To say the Church is JUST Witness and NOT Incarnation seems to me to fall into a couple of problems: First, it seems to fall into an implicitly Gnostic idea of the Church and the sacraments that denies that God really uses physical means to share His presence with others. The Church is not just a dispenser of spiritual information to get people to God (witness), but is also a source of real spiritual participation in which we share in the presence of Christ through fellowship, worship, and sacrament (incarnation). Second, to limit the role of Church to mere dispenser of information is to subtly "buy into" a consumerist version of the Church in which the job of the Church is to give disembodied information about Christ for spiritual consumers to purchase (through time, money, and attention) so they can go individually and appropriate information for themselves. Rather, to encounter true fellowship in the Church is to encounter Christ. To be in the Church to is be in the Family of God. The Gospel is not a disembodied message, but an embodied reality. The epicenter of this embodiment is the physical body of Christ (now present in Heaven), and His reality radiates out, through His Spirit, in the physical and relational means He has promised to work through.

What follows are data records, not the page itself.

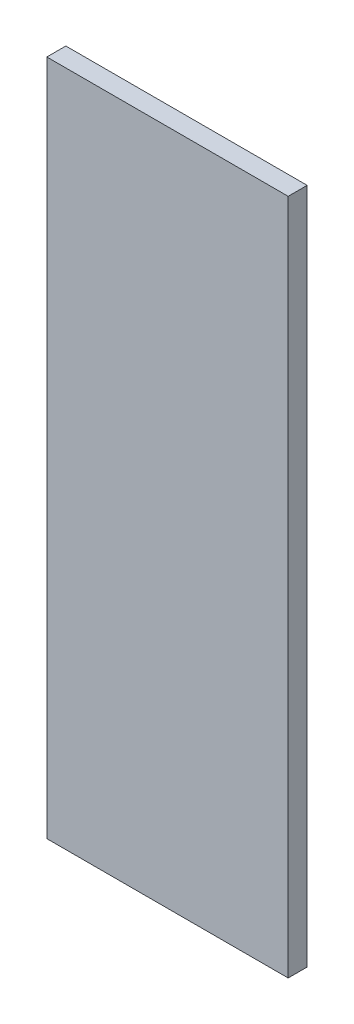
ISO-10303-21;
HEADER;
FILE_DESCRIPTION(('STEP AP214'),'2;1');
FILE_NAME('part.step','',(''),(''),'','','');
FILE_SCHEMA(('AUTOMOTIVE_DESIGN { 1 0 10303 214 1 1 1 1 }'));
ENDSEC;
DATA;
#1=APPLICATION_CONTEXT('core data for automotive mechanical design processes');
#2=APPLICATION_PROTOCOL_DEFINITION('international standard','automotive_design',2000,#1);
#3=PRODUCT_CONTEXT('',#1,'mechanical');
#4=PRODUCT('Part','Part','',(#3));
#5=PRODUCT_RELATED_PRODUCT_CATEGORY('part','',(#4));
#6=PRODUCT_DEFINITION_FORMATION('','',#4);
#7=PRODUCT_DEFINITION_CONTEXT('part definition',#1,'design');
#8=PRODUCT_DEFINITION('design','',#6,#7);
#9=PRODUCT_DEFINITION_SHAPE('','',#8);
#10=(LENGTH_UNIT() NAMED_UNIT(*) SI_UNIT(.MILLI.,.METRE.));
#11=(NAMED_UNIT(*) PLANE_ANGLE_UNIT() SI_UNIT($,.RADIAN.));
#12=(NAMED_UNIT(*) SI_UNIT($,.STERADIAN.) SOLID_ANGLE_UNIT());
#13=UNCERTAINTY_MEASURE_WITH_UNIT(LENGTH_MEASURE(1.E-05),#10,'distance_accuracy_value','');
#14=(GEOMETRIC_REPRESENTATION_CONTEXT(3) GLOBAL_UNCERTAINTY_ASSIGNED_CONTEXT((#13)) GLOBAL_UNIT_ASSIGNED_CONTEXT((#10,
#11,#12)) REPRESENTATION_CONTEXT('',''));
#15=CARTESIAN_POINT('',(0.,0.,0.));
#16=DIRECTION('',(0.,0.,1.));
#17=DIRECTION('',(1.,0.,0.));
#18=AXIS2_PLACEMENT_3D('',#15,#16,#17);
#19=CARTESIAN_POINT('',(0.,0.,1.6));
#20=DIRECTION('',(1.,0.,0.));
#21=DIRECTION('',(0.,1.,0.));
#22=AXIS2_PLACEMENT_3D('',#19,#20,#21);
#23=PLANE('',#22);
#24=DIRECTION('',(0.,-1.,0.));
#25=VECTOR('',#24,1.);
#26=CARTESIAN_POINT('',(0.,0.,0.));
#27=LINE('',#26,#25);
#28=CARTESIAN_POINT('',(0.,57.,0.));
#29=VERTEX_POINT('',#28);
#30=CARTESIAN_POINT('',(0.,0.,0.));
#31=VERTEX_POINT('',#30);
#32=EDGE_CURVE('E131',#29,#31,#27,.T.);
#33=ORIENTED_EDGE('',*,*,#32,.T.);
#34=DIRECTION('',(0.,0.,-1.));
#35=VECTOR('',#34,1.);
#36=CARTESIAN_POINT('',(0.,0.,1.6));
#37=LINE('',#36,#35);
#38=CARTESIAN_POINT('',(0.,0.,1.6));
#39=VERTEX_POINT('',#38);
#40=EDGE_CURVE('E156',#39,#31,#37,.T.);
#41=ORIENTED_EDGE('',*,*,#40,.F.);
#42=DIRECTION('',(0.,-1.,0.));
#43=VECTOR('',#42,1.);
#44=CARTESIAN_POINT('',(0.,0.,1.6));
#45=LINE('',#44,#43);
#46=CARTESIAN_POINT('',(0.,57.,1.6));
#47=VERTEX_POINT('',#46);
#48=EDGE_CURVE('E136',#47,#39,#45,.T.);
#49=ORIENTED_EDGE('',*,*,#48,.F.);
#50=DIRECTION('',(0.,0.,-1.));
#51=VECTOR('',#50,1.);
#52=CARTESIAN_POINT('',(0.,57.,1.6));
#53=LINE('',#52,#51);
#54=EDGE_CURVE('E142',#47,#29,#53,.T.);
#55=ORIENTED_EDGE('',*,*,#54,.T.);
#56=EDGE_LOOP('',(#33,#41,#49,#55));
#57=FACE_BOUND('',#56,.T.);
#58=ADVANCED_FACE('F33',(#57),#23,.F.);
#59=CARTESIAN_POINT('',(0.,0.,1.6));
#60=DIRECTION('',(0.,1.,0.));
#61=DIRECTION('',(0.,0.,1.));
#62=AXIS2_PLACEMENT_3D('',#59,#60,#61);
#63=PLANE('',#62);
#64=DIRECTION('',(0.,0.,-1.));
#65=VECTOR('',#64,1.);
#66=CARTESIAN_POINT('',(20.32,0.,1.6));
#67=LINE('',#66,#65);
#68=CARTESIAN_POINT('',(20.32,0.,1.6));
#69=VERTEX_POINT('',#68);
#70=CARTESIAN_POINT('',(20.32,0.,0.));
#71=VERTEX_POINT('',#70);
#72=EDGE_CURVE('E153',#69,#71,#67,.T.);
#73=ORIENTED_EDGE('',*,*,#72,.F.);
#74=DIRECTION('',(1.,0.,0.));
#75=VECTOR('',#74,1.);
#76=CARTESIAN_POINT('',(0.,0.,1.6));
#77=LINE('',#76,#75);
#78=EDGE_CURVE('E83',#39,#69,#77,.T.);
#79=ORIENTED_EDGE('',*,*,#78,.F.);
#80=ORIENTED_EDGE('',*,*,#40,.T.);
#81=DIRECTION('',(1.,0.,0.));
#82=VECTOR('',#81,1.);
#83=CARTESIAN_POINT('',(0.,0.,0.));
#84=LINE('',#83,#82);
#85=CARTESIAN_POINT('',(6.68310108845168,0.,0.));
#86=VERTEX_POINT('',#85);
#87=EDGE_CURVE('E107',#31,#86,#84,.T.);
#88=ORIENTED_EDGE('',*,*,#87,.T.);
#89=DIRECTION('',(0.,0.,1.));
#90=VECTOR('',#89,1.);
#91=CARTESIAN_POINT('',(6.68310108845168,0.,-4.4));
#92=LINE('',#91,#90);
#93=CARTESIAN_POINT('',(6.68310108845168,0.,-4.4));
#94=VERTEX_POINT('',#93);
#95=EDGE_CURVE('E103',#94,#86,#92,.T.);
#96=ORIENTED_EDGE('',*,*,#95,.F.);
#97=DIRECTION('',(1.,0.,0.));
#98=VECTOR('',#97,1.);
#99=CARTESIAN_POINT('',(6.68310108845168,0.,-4.4));
#100=LINE('',#99,#98);
#101=CARTESIAN_POINT('',(15.0999819844323,0.,-4.4));
#102=VERTEX_POINT('',#101);
#103=EDGE_CURVE('E106',#94,#102,#100,.T.);
#104=ORIENTED_EDGE('',*,*,#103,.T.);
#105=DIRECTION('',(0.,0.,1.));
#106=VECTOR('',#105,1.);
#107=CARTESIAN_POINT('',(15.0999819844323,0.,-4.4));
#108=LINE('',#107,#106);
#109=CARTESIAN_POINT('',(15.0999819844323,0.,0.));
#110=VERTEX_POINT('',#109);
#111=EDGE_CURVE('E47',#102,#110,#108,.T.);
#112=ORIENTED_EDGE('',*,*,#111,.T.);
#113=EDGE_CURVE('E145',#110,#71,#84,.T.);
#114=ORIENTED_EDGE('',*,*,#113,.T.);
#115=EDGE_LOOP('',(#73,#79,#80,#88,#96,#104,#112,#114));
#116=FACE_BOUND('',#115,.T.);
#117=ADVANCED_FACE('F105',(#116),#63,.F.);
#118=CARTESIAN_POINT('',(20.32,0.,1.6));
#119=DIRECTION('',(-1.,0.,0.));
#120=DIRECTION('',(0.,-1.,0.));
#121=AXIS2_PLACEMENT_3D('',#118,#119,#120);
#122=PLANE('',#121);
#123=DIRECTION('',(0.,1.,0.));
#124=VECTOR('',#123,1.);
#125=CARTESIAN_POINT('',(20.32,0.,0.));
#126=LINE('',#125,#124);
#127=CARTESIAN_POINT('',(20.32,57.,0.));
#128=VERTEX_POINT('',#127);
#129=EDGE_CURVE('E147',#71,#128,#126,.T.);
#130=ORIENTED_EDGE('',*,*,#129,.T.);
#131=DIRECTION('',(0.,0.,-1.));
#132=VECTOR('',#131,1.);
#133=CARTESIAN_POINT('',(20.32,57.,1.6));
#134=LINE('',#133,#132);
#135=CARTESIAN_POINT('',(20.32,57.,1.6));
#136=VERTEX_POINT('',#135);
#137=EDGE_CURVE('E151',#136,#128,#134,.T.);
#138=ORIENTED_EDGE('',*,*,#137,.F.);
#139=DIRECTION('',(0.,1.,0.));
#140=VECTOR('',#139,1.);
#141=CARTESIAN_POINT('',(20.32,0.,1.6));
#142=LINE('',#141,#140);
#143=EDGE_CURVE('E139',#69,#136,#142,.T.);
#144=ORIENTED_EDGE('',*,*,#143,.F.);
#145=ORIENTED_EDGE('',*,*,#72,.T.);
#146=EDGE_LOOP('',(#130,#138,#144,#145));
#147=FACE_BOUND('',#146,.T.);
#148=ADVANCED_FACE('F171',(#147),#122,.F.);
#149=CARTESIAN_POINT('',(0.,57.,1.6));
#150=DIRECTION('',(0.,-1.,0.));
#151=DIRECTION('',(0.,0.,-1.));
#152=AXIS2_PLACEMENT_3D('',#149,#150,#151);
#153=PLANE('',#152);
#154=DIRECTION('',(-1.,0.,0.));
#155=VECTOR('',#154,1.);
#156=CARTESIAN_POINT('',(0.,57.,0.));
#157=LINE('',#156,#155);
#158=EDGE_CURVE('E76',#128,#29,#157,.T.);
#159=ORIENTED_EDGE('',*,*,#158,.T.);
#160=ORIENTED_EDGE('',*,*,#54,.F.);
#161=DIRECTION('',(-1.,0.,0.));
#162=VECTOR('',#161,1.);
#163=CARTESIAN_POINT('',(0.,57.,1.6));
#164=LINE('',#163,#162);
#165=EDGE_CURVE('E56',#136,#47,#164,.T.);
#166=ORIENTED_EDGE('',*,*,#165,.F.);
#167=ORIENTED_EDGE('',*,*,#137,.T.);
#168=EDGE_LOOP('',(#159,#160,#166,#167));
#169=FACE_BOUND('',#168,.T.);
#170=ADVANCED_FACE('F178',(#169),#153,.F.);
#171=CARTESIAN_POINT('',(0.,0.,1.6));
#172=DIRECTION('',(0.,0.,-1.));
#173=DIRECTION('',(-1.,0.,0.));
#174=AXIS2_PLACEMENT_3D('',#171,#172,#173);
#175=PLANE('',#174);
#176=ORIENTED_EDGE('',*,*,#78,.T.);
#177=ORIENTED_EDGE('',*,*,#143,.T.);
#178=ORIENTED_EDGE('',*,*,#165,.T.);
#179=ORIENTED_EDGE('',*,*,#48,.T.);
#180=EDGE_LOOP('',(#176,#177,#178,#179));
#181=FACE_BOUND('',#180,.T.);
#182=ADVANCED_FACE('F173',(#181),#175,.F.);
#183=CARTESIAN_POINT('',(0.,0.,0.));
#184=DIRECTION('',(0.,0.,-1.));
#185=DIRECTION('',(-1.,0.,0.));
#186=AXIS2_PLACEMENT_3D('',#183,#184,#185);
#187=PLANE('',#186);
#188=DIRECTION('',(0.,1.,0.));
#189=VECTOR('',#188,1.);
#190=CARTESIAN_POINT('',(6.68310108845168,0.,0.));
#191=LINE('',#190,#189);
#192=CARTESIAN_POINT('',(6.68310108845168,4.,0.));
#193=VERTEX_POINT('',#192);
#194=EDGE_CURVE('E11',#86,#193,#191,.T.);
#195=ORIENTED_EDGE('',*,*,#194,.F.);
#196=ORIENTED_EDGE('',*,*,#87,.F.);
#197=ORIENTED_EDGE('',*,*,#32,.F.);
#198=ORIENTED_EDGE('',*,*,#158,.F.);
#199=ORIENTED_EDGE('',*,*,#129,.F.);
#200=ORIENTED_EDGE('',*,*,#113,.F.);
#201=DIRECTION('',(0.,-1.,0.));
#202=VECTOR('',#201,1.);
#203=CARTESIAN_POINT('',(15.0999819844323,0.,0.));
#204=LINE('',#203,#202);
#205=CARTESIAN_POINT('',(15.0999819844323,4.,0.));
#206=VERTEX_POINT('',#205);
#207=EDGE_CURVE('E158',#206,#110,#204,.T.);
#208=ORIENTED_EDGE('',*,*,#207,.F.);
#209=DIRECTION('',(1.,0.,0.));
#210=VECTOR('',#209,1.);
#211=CARTESIAN_POINT('',(0.,4.,0.));
#212=LINE('',#211,#210);
#213=EDGE_CURVE('E40',#193,#206,#212,.T.);
#214=ORIENTED_EDGE('',*,*,#213,.F.);
#215=EDGE_LOOP('',(#195,#196,#197,#198,#199,#200,#208,#214));
#216=FACE_BOUND('',#215,.T.);
#217=ADVANCED_FACE('F167',(#216),#187,.T.);
#218=CARTESIAN_POINT('',(6.68310108845168,0.,-4.4));
#219=DIRECTION('',(-1.,0.,0.));
#220=DIRECTION('',(0.,0.,1.));
#221=AXIS2_PLACEMENT_3D('',#218,#219,#220);
#222=PLANE('',#221);
#223=ORIENTED_EDGE('',*,*,#95,.T.);
#224=ORIENTED_EDGE('',*,*,#194,.T.);
#225=DIRECTION('',(0.,0.,1.));
#226=VECTOR('',#225,1.);
#227=CARTESIAN_POINT('',(6.68310108845168,4.,-4.4));
#228=LINE('',#227,#226);
#229=CARTESIAN_POINT('',(6.68310108845168,4.,-4.4));
#230=VERTEX_POINT('',#229);
#231=EDGE_CURVE('E125',#230,#193,#228,.T.);
#232=ORIENTED_EDGE('',*,*,#231,.F.);
#233=DIRECTION('',(0.,-1.,0.));
#234=VECTOR('',#233,1.);
#235=CARTESIAN_POINT('',(6.68310108845168,0.,-4.4));
#236=LINE('',#235,#234);
#237=EDGE_CURVE('E118',#230,#94,#236,.T.);
#238=ORIENTED_EDGE('',*,*,#237,.T.);
#239=EDGE_LOOP('',(#223,#224,#232,#238));
#240=FACE_BOUND('',#239,.T.);
#241=ADVANCED_FACE('F123',(#240),#222,.T.);
#242=CARTESIAN_POINT('',(6.68310108845168,4.,-4.4));
#243=DIRECTION('',(0.,1.,0.));
#244=DIRECTION('',(0.,0.,1.));
#245=AXIS2_PLACEMENT_3D('',#242,#243,#244);
#246=PLANE('',#245);
#247=ORIENTED_EDGE('',*,*,#231,.T.);
#248=ORIENTED_EDGE('',*,*,#213,.T.);
#249=DIRECTION('',(0.,0.,1.));
#250=VECTOR('',#249,1.);
#251=CARTESIAN_POINT('',(15.0999819844323,4.,-4.4));
#252=LINE('',#251,#250);
#253=CARTESIAN_POINT('',(15.0999819844323,4.,-4.4));
#254=VERTEX_POINT('',#253);
#255=EDGE_CURVE('E132',#254,#206,#252,.T.);
#256=ORIENTED_EDGE('',*,*,#255,.F.);
#257=DIRECTION('',(-1.,0.,0.));
#258=VECTOR('',#257,1.);
#259=CARTESIAN_POINT('',(6.68310108845168,4.,-4.4));
#260=LINE('',#259,#258);
#261=EDGE_CURVE('E111',#254,#230,#260,.T.);
#262=ORIENTED_EDGE('',*,*,#261,.T.);
#263=EDGE_LOOP('',(#247,#248,#256,#262));
#264=FACE_BOUND('',#263,.T.);
#265=ADVANCED_FACE('F161',(#264),#246,.T.);
#266=CARTESIAN_POINT('',(15.0999819844323,0.,-4.4));
#267=DIRECTION('',(1.,0.,0.));
#268=DIRECTION('',(0.,0.,-1.));
#269=AXIS2_PLACEMENT_3D('',#266,#267,#268);
#270=PLANE('',#269);
#271=ORIENTED_EDGE('',*,*,#255,.T.);
#272=ORIENTED_EDGE('',*,*,#207,.T.);
#273=ORIENTED_EDGE('',*,*,#111,.F.);
#274=DIRECTION('',(0.,1.,0.));
#275=VECTOR('',#274,1.);
#276=CARTESIAN_POINT('',(15.0999819844323,0.,-4.4));
#277=LINE('',#276,#275);
#278=EDGE_CURVE('E121',#102,#254,#277,.T.);
#279=ORIENTED_EDGE('',*,*,#278,.T.);
#280=EDGE_LOOP('',(#271,#272,#273,#279));
#281=FACE_BOUND('',#280,.T.);
#282=ADVANCED_FACE('F165',(#281),#270,.T.);
#283=CARTESIAN_POINT('',(0.,0.,-4.4));
#284=DIRECTION('',(0.,0.,-1.));
#285=DIRECTION('',(-1.,0.,0.));
#286=AXIS2_PLACEMENT_3D('',#283,#284,#285);
#287=PLANE('',#286);
#288=ORIENTED_EDGE('',*,*,#237,.F.);
#289=ORIENTED_EDGE('',*,*,#261,.F.);
#290=ORIENTED_EDGE('',*,*,#278,.F.);
#291=ORIENTED_EDGE('',*,*,#103,.F.);
#292=EDGE_LOOP('',(#288,#289,#290,#291));
#293=FACE_BOUND('',#292,.T.);
#294=ADVANCED_FACE('F116',(#293),#287,.T.);
#295=CLOSED_SHELL('',(#58,#117,#148,#170,#182,#217,#241,#265,#282,#294));
#296=MANIFOLD_SOLID_BREP('B2',#295);
#297=ADVANCED_BREP_SHAPE_REPRESENTATION('',(#18,#296),#14);
#298=SHAPE_DEFINITION_REPRESENTATION(#9,#297);
ENDSEC;
END-ISO-10303-21;

Therefore, I would highly recommend holding Witness and Incarnation in creative tension and seeing the Church as both-and, instead of either-or. I would also say that any theology of redemption that implicitly or explicitly denies the necessity of the Church in God's plan for restoring the world is highly deficient at best. God could have chosen to redeem everything without any human involvement, but He did not. He has chosen humans and human means to be the primary conduits of His presence in the world. Even the great miracles of Scripture have been done in response to human request, including, let us not forget, the ransom for the world in the physical person of Christ. This insight- that God really works through His Family- is crucial to understanding how God works in election, redemption, ecclesiology, sacramentology, missiology, and eschatology.
Theology, Ethics, and Spirituality centered on the Trinity and Incarnation, experienced through Theosis, in Sacramental Life, leading to Apokatastasis, explored in maximally inclusive ways. And other random stuff.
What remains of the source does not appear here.